= Vlad Georgescu =

Romanian historian and academic (1937–1988)

Vlad Georgescu (October 20, 1937 – November 13, 1988) was a Romanian historian, academic, political dissident, and director of the Romanian-language department of Radio Free Europe between 1983 and 1988.

==Biography==
Born in Bucharest, Georgescu studied history at the University of Bucharest, and worked at the Romanian-Russian Museum until it was closed down in 1963, when he was transferred to the Institute of Southeastern European Studies in Bucharest. He earned a PhD in history from the University of Bucharest in 1970 and published works on 18th and 19th century Romanian history. Georgescu taught in 1967 and 1968 at the University of California, Los Angeles and in 1973 at Columbia University.

In 1977, Georgescu was jailed for two months for disputing the role of the Communist Party in history in the manuscript of a book which he had sent abroad. Two years later he left the country, becoming a fellow at the Woodrow Wilson International Center for Scholars in Washington, D.C., and teaching at the University of Maryland and at Rutgers University. Georgescu then returned to Europe and worked for the Radio Free Europe.

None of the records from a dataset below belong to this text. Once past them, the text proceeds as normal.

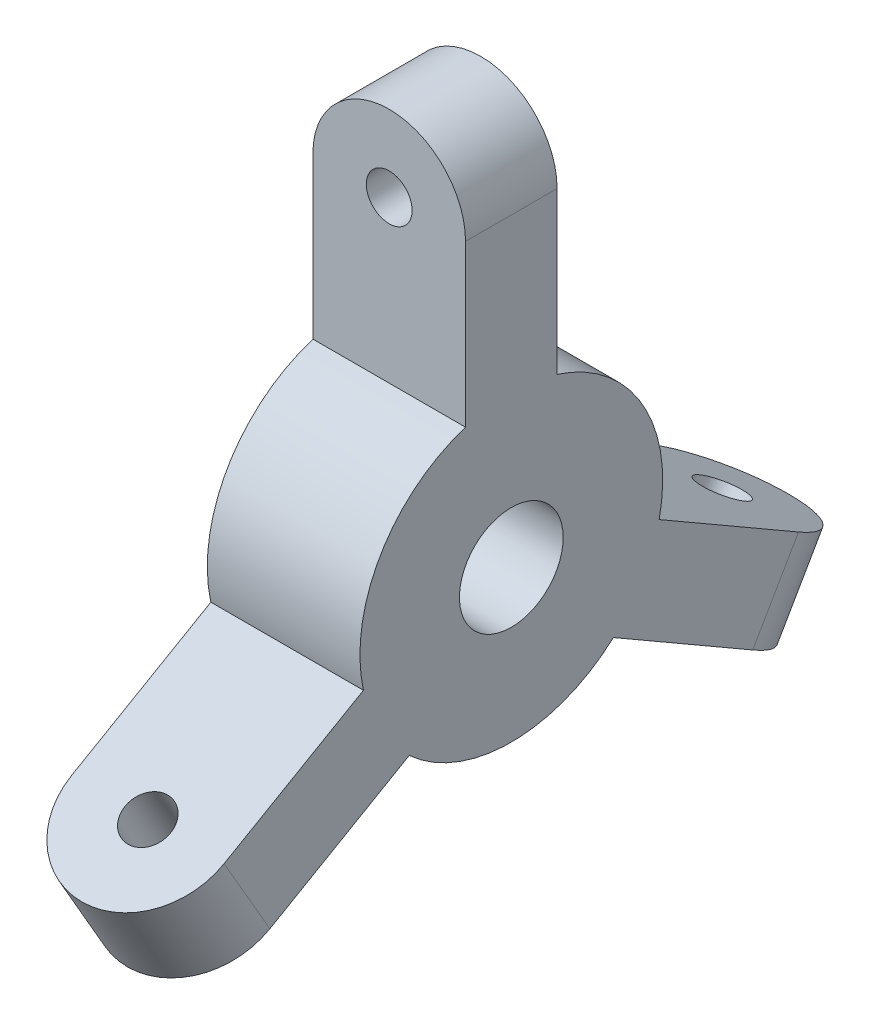
SolidWorks part; units mm, degrees
ref_plane "Plan de face" through (0, 0, 0) normal (0, 0, 1) x (1, 0, 0)
ref_plane "Plan de dessus" through (0, 0, 0) normal (0, 1, 0) x (1, 0, 0)
ref_plane "Plan de droite" through (0, 0, 0) normal (1, 0, 0) x (0, 0, -1)
sketch "Esquisse1" plane through (0, 0, 0) normal (1, 0, 0) x (0, 0, -1)
  line L0 (0, 0) -> (0, 25) construction
  line L1 (-3, 25) -> (3, 25)
  line L2 (-3, 25) -> (-3, 9.4555)
  line L3 (3, 25) -> (3, 9.4555)
  line L4 (23.1506, -9.9019) -> (9.6887, -2.1297)
  line L5 (23.1506, -9.9019) -> (20.1506, -15.0981)
  line L6 (20.1506, -15.0981) -> (6.6887, -7.3258)
  line L7 (-20.1506, -15.0981) -> (-6.6887, -7.3258)
  line L8 (-20.1506, -15.0981) -> (-23.1506, -9.9019)
  line L9 (-23.1506, -9.9019) -> (-9.6887, -2.1297)
  arc A0 (3, 9.4555) -> (9.6887, -2.1297) centre (0, 0) cw
  arc A1 (6.6887, -7.3258) -> (-6.6887, -7.3258) centre (0, 0) cw
  arc A2 (-9.6887, -2.1297) -> (-3, 9.4555) centre (0, 0) cw
  circle A3 centre (0, 0) radius 9.92 construction
  point P21 (0, 0)
  dimension "D4" = 9.92
  dimension "D1" = 25
  dimension "D2" = 6
  dimension "D3" = 3
extrude "Boss.-Extru.1" add sketch "Esquisse1" along normal blind 5 and the other way blind 5
hole_wizard "Trou taraudé M81" positions "Esquisse3" profile "Esquisse4" tap size "M8" standard "ISO" end condition through all
sketch "Esquisse3" plane through (5, 0, 0) normal (1, 0, 0) x (0, 0, -1)
  point P0 (0, 0)
sketch "Esquisse4" plane through (5, 0, 0) normal (0, 1, 0) x (0, 0, -1)
  line L0 (0, 0) -> (0, 10)
  line L1 (0, 10) -> (3.4, 10)
  line L2 (3.4, 10) -> (3.4, 0)
  line L5 (3.4, 0) -> (0, 0)
  line L11 (0, -6.35) -> (0, 107.95) construction
  dimension "Diamètre du trou pour taraudage jusqu'au prochain" = 6.8
  dimension "Profondeur du trou pour taraudage jusqu'au prochain" = 10
cosmetic thread "Filetage de perçage1" parameters "D2"=8
sketch "Esquisse5" plane through (0, 0, 3) normal (0, 0, 1) x (1, 0, 0)
  line L0 (0, 25) -> (0, 0) construction
  line L2 (-5, 9.4555) -> (-5, 20)
  line L3 (-5, 25) -> (-5, 9.4555) construction
  line L4 (-5, 9.4555) -> (-13.1992, 9.4555)
  line L5 (-13.1992, 9.4555) -> (-13.1992, 30)
  line L6 (-13.1992, 30) -> (13.6203, 30)
  line L7 (13.6203, 30) -> (13.6203, 9.4555)
  line L8 (13.6203, 9.4555) -> (5, 9.4555)
  line L9 (5, 9.4555) -> (5, 20)
  line L10 (5, 25) -> (5, 9.4555) construction
  line L11 (-5, 25) -> (5, 25) construction
  arc A1 (-5, 20) -> (5, 20) centre (0, 20) cw
  circle A2 centre (0, 20) radius 1.5
  point P1 (0, 19.3495)
  dimension "D1" = 3
  dimension "D2" = 8.1992
  dimension "D3" = 8.6203
  dimension "D4" = 5
  dimension "D5" = 20
extrude "Enlèv. mat.-Extru.1" cut sketch "Esquisse5" against normal through all
pattern_circular "Répétition circulaire1" count 3 over 360 about axis through (5, 0, 0) along (1, 0, 0) of "Enlèv. mat.-Extru.1"
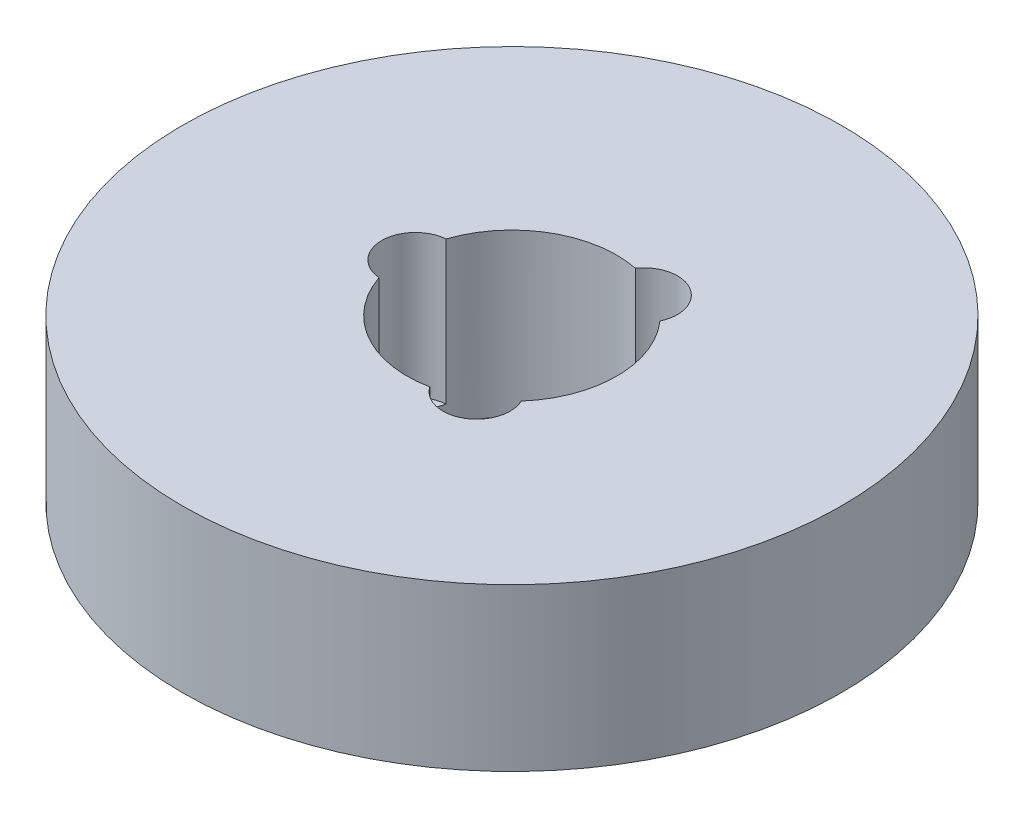
SolidWorks part; units mm, degrees
ref_plane "Front Plane" through (0, 0, 0) normal (0, 0, 1) x (1, 0, 0)
ref_plane "Top Plane" through (0, 0, 0) normal (0, 1, 0) x (1, 0, 0)
ref_plane "Right Plane" through (0, 0, 0) normal (1, 0, 0) x (0, 0, -1)
sketch "Sketch1" plane through (0, 0, 0) normal (0, 1, 0) x (1, 0, 0)
  circle A0 centre (0, 0) radius 55
  dimension "FLANGE_OD" = 110
extrude "Boss-Extrude1" add sketch "Sketch1" along normal blind 27
sketch "Sketch2" plane through (0, 0, 0) normal (0, 1, 0) x (1, 0, 0)
  circle A0 centre (0, 0) radius 17.5
  dimension "BORE_D" = 35
extrude "Cut-Extrude1" cut sketch "Sketch2" along normal through all
sketch "Sketch3" plane through (0, 27, 0) normal (0, 1, 0) x (1, 0, 0)
  circle A0 centre (0, 0) radius 16.1176 construction
  circle A1 centre (-16.1176, 0) radius 5.6091
  dimension "BOLT_D" = 11.2183
  dimension "BOLT_PCD" = 32.2352
extrude "Cut-Extrude2" cut sketch "Sketch3" against normal blind 23.8602
pattern_circular "CirPattern1" count 3 over 360 about axis through (0, 0, 0) along (0, 1, 0) of "Cut-Extrude2"
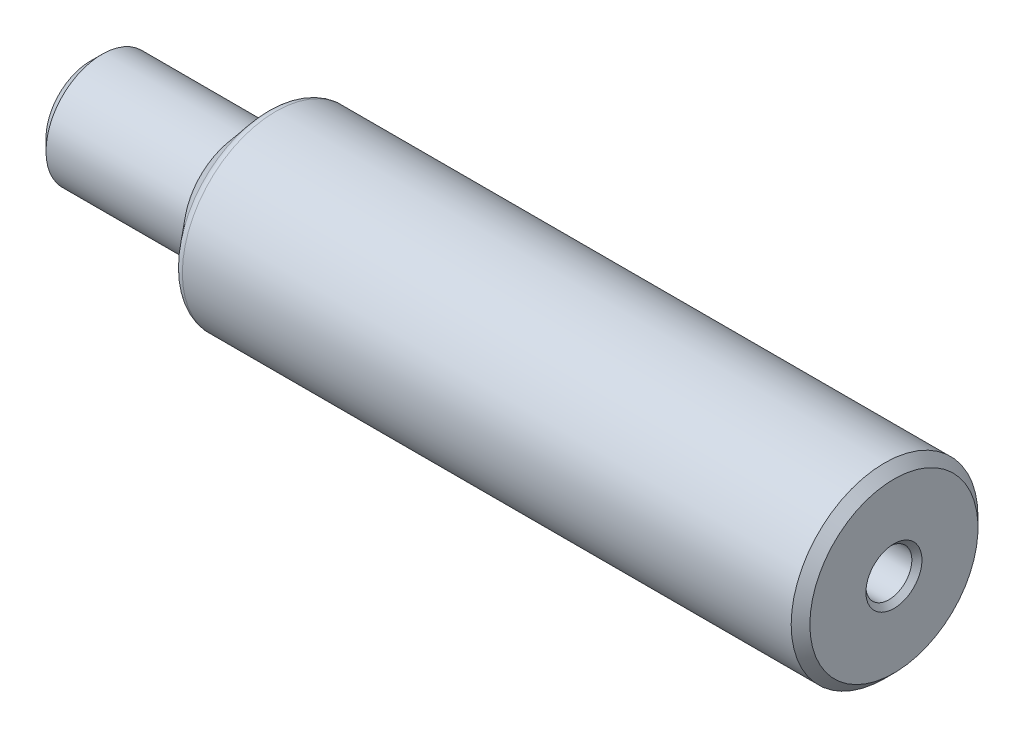
SolidWorks part; units mm, degrees
note: '?' marks a value the reader was unsure of.
material "1023 Carbon Steel Sheet (SS)"
ref_plane "Front Plane" through (0, 0, 0) normal (0, 0, 1) x (1, 0, 0)
ref_plane "Top Plane" through (0, 0, 0) normal (0, 1, 0) x (1, 0, 0)
ref_plane "Right Plane" through (0, 0, 0) normal (1, 0, 0) x (0, 0, -1)
ref_plane "Plane1" through (0, 0, 0) normal (0, 0, 1) x (1, 0, 0)
sketch "Sketch1" plane through (0, 0, 0) normal (0, 0, 1) x (1, 0, 0)
  line L0 (0, 0) -> (0, 4.5)
  line L1 (0, 4.5) -> (0.5, 5)
  line L2 (0.5, 5) -> (34.5, 5)
  line L3 (34.5, 5) -> (35, 4.5)
  line L4 (35, 4.5) -> (35, 0)
  line L5 (35, 0) -> (0, 0)
  line L6 (35, 0) -> (0, 0) construction
revolve "Revolve1" add sketch "Sketch1" angle 360 about L6
ref_plane "Plane2" through (0, 0, 0) normal (0, 0, 1) x (1, 0, 0)
sketch "Sketch2" plane through (0, 0, 0) normal (0, 0, 1) x (1, 0, 0)
  line L0 (-8, 0) -> (-8, 2.3865)
  line L1 (-8, 2.3865) -> (-7.3865, 3)
  line L2 (-7.3865, 3) -> (0, 3)
  line L3 (0, 3) -> (0, 0)
  line L4 (0, 0) -> (-8, 0)
  line L5 (0, 0) -> (-8, 0) construction
revolve "Revolve2" add sketch "Sketch2" angle 360 about L5
cosmetic thread "Cosmetic Thread1" parameters "D1"=6, "D2"=4.773
ref_plane "Plane3" through (0, 0, 0) normal (0, 0, 1) x (1, 0, 0)
sketch "Sketch3" plane through (0, 0, 0) normal (0, 0, 1) x (1, 0, 0)
  line L0 (20.5, 0) -> (21.2099, 1.2295)
  line L1 (21.2099, 1.2295) -> (34.7295, 1.2295)
  line L2 (34.7295, 1.2295) -> (35, 1.5)
  line L3 (35, 1.5) -> (35, 0)
  line L4 (35, 0) -> (20.5, 0)
  line L5 (35, 0) -> (20.5, 0) construction
revolve "Cut-Revolve1" cut sketch "Sketch3" angle 360 about L5
cosmetic thread "Cosmetic Thread2" parameters "D1"=9, "D2"=3
sketch "Sketch5" plane through (0, 0, 0) normal (0, 1, 0) x (1, 0, 0)
  line L0 (0, 3) -> (1.6782, 5)
  line L1 (34.5, 5) -> (0.5, 5) construction
  line L2 (1.6782, 5) -> (0, 5)
  line L3 (0, 5) -> (0, 3)
  dimension "D1" = 40
revolve "Cut-Revolve2" cut sketch "Sketch5" angle 360 about L1
fillet "Fillet1" radius 0.5 1 edges at (1.6782, 0, 5)
ref_axis "Axis1" through (39.3545, 0, 0) along (-1, 0, 0)?

In 1987, a week after Georgescu announced that he would broadcast fragments from Ion Mihai Pacepa's Red Horizons, he received a warning from a Securitate general that he would not live more than a year if he went on to broadcast it. Georgescu ignored the warning and went ahead and broadcast it. A year later, he died of a malignant brain tumor at the age of 51 in Munich. In 2007, Cotidianul published informative notes sent by Constantin Bălăceanu-Stolnici to the Securitate, which included a sketch of Georgescu's Munich apartment, drawn after a visit to see Georgescu, which might have enabled the possible assassination of Georgescu.

Georgescu and his wife, Mary, had a son, Tudor.

==Bibliography==
- Din corespondența diplomatică a Țării Romînești, Muzeul Romîno-Rus, București, 1962, 268 p.
- Political Ideas and the Enlightenment in the Romanian Principalities (1750–1831), Boulder (East European Quarterly), New York (Columbia University Press), 1971
- Ideile politice și iluminismul în principatele române (1750–1831), Editura Academiei RSR, București, 1972
- Politică și istorie: cazul comuniștilor români 1944–1977, editura Jon Dumitru (colecția Clio fără mască), München, 1981 (reprinted in Romania after 1990 by Editura Humanitas), 158 p.
- Istoria românilor de la origini pînă în zilele noastre, München, 1984, 394 p. (ed. a III-a, Editura Humanitas, București, 1992)
- Istoria ideilor politice românești, editura Jon Dumitru (colecția Clio fără mască), München, 1987
- Romania anilor '80, editura Jon Dumitru (colecția Clio fără mască), München, 1994, 254 p.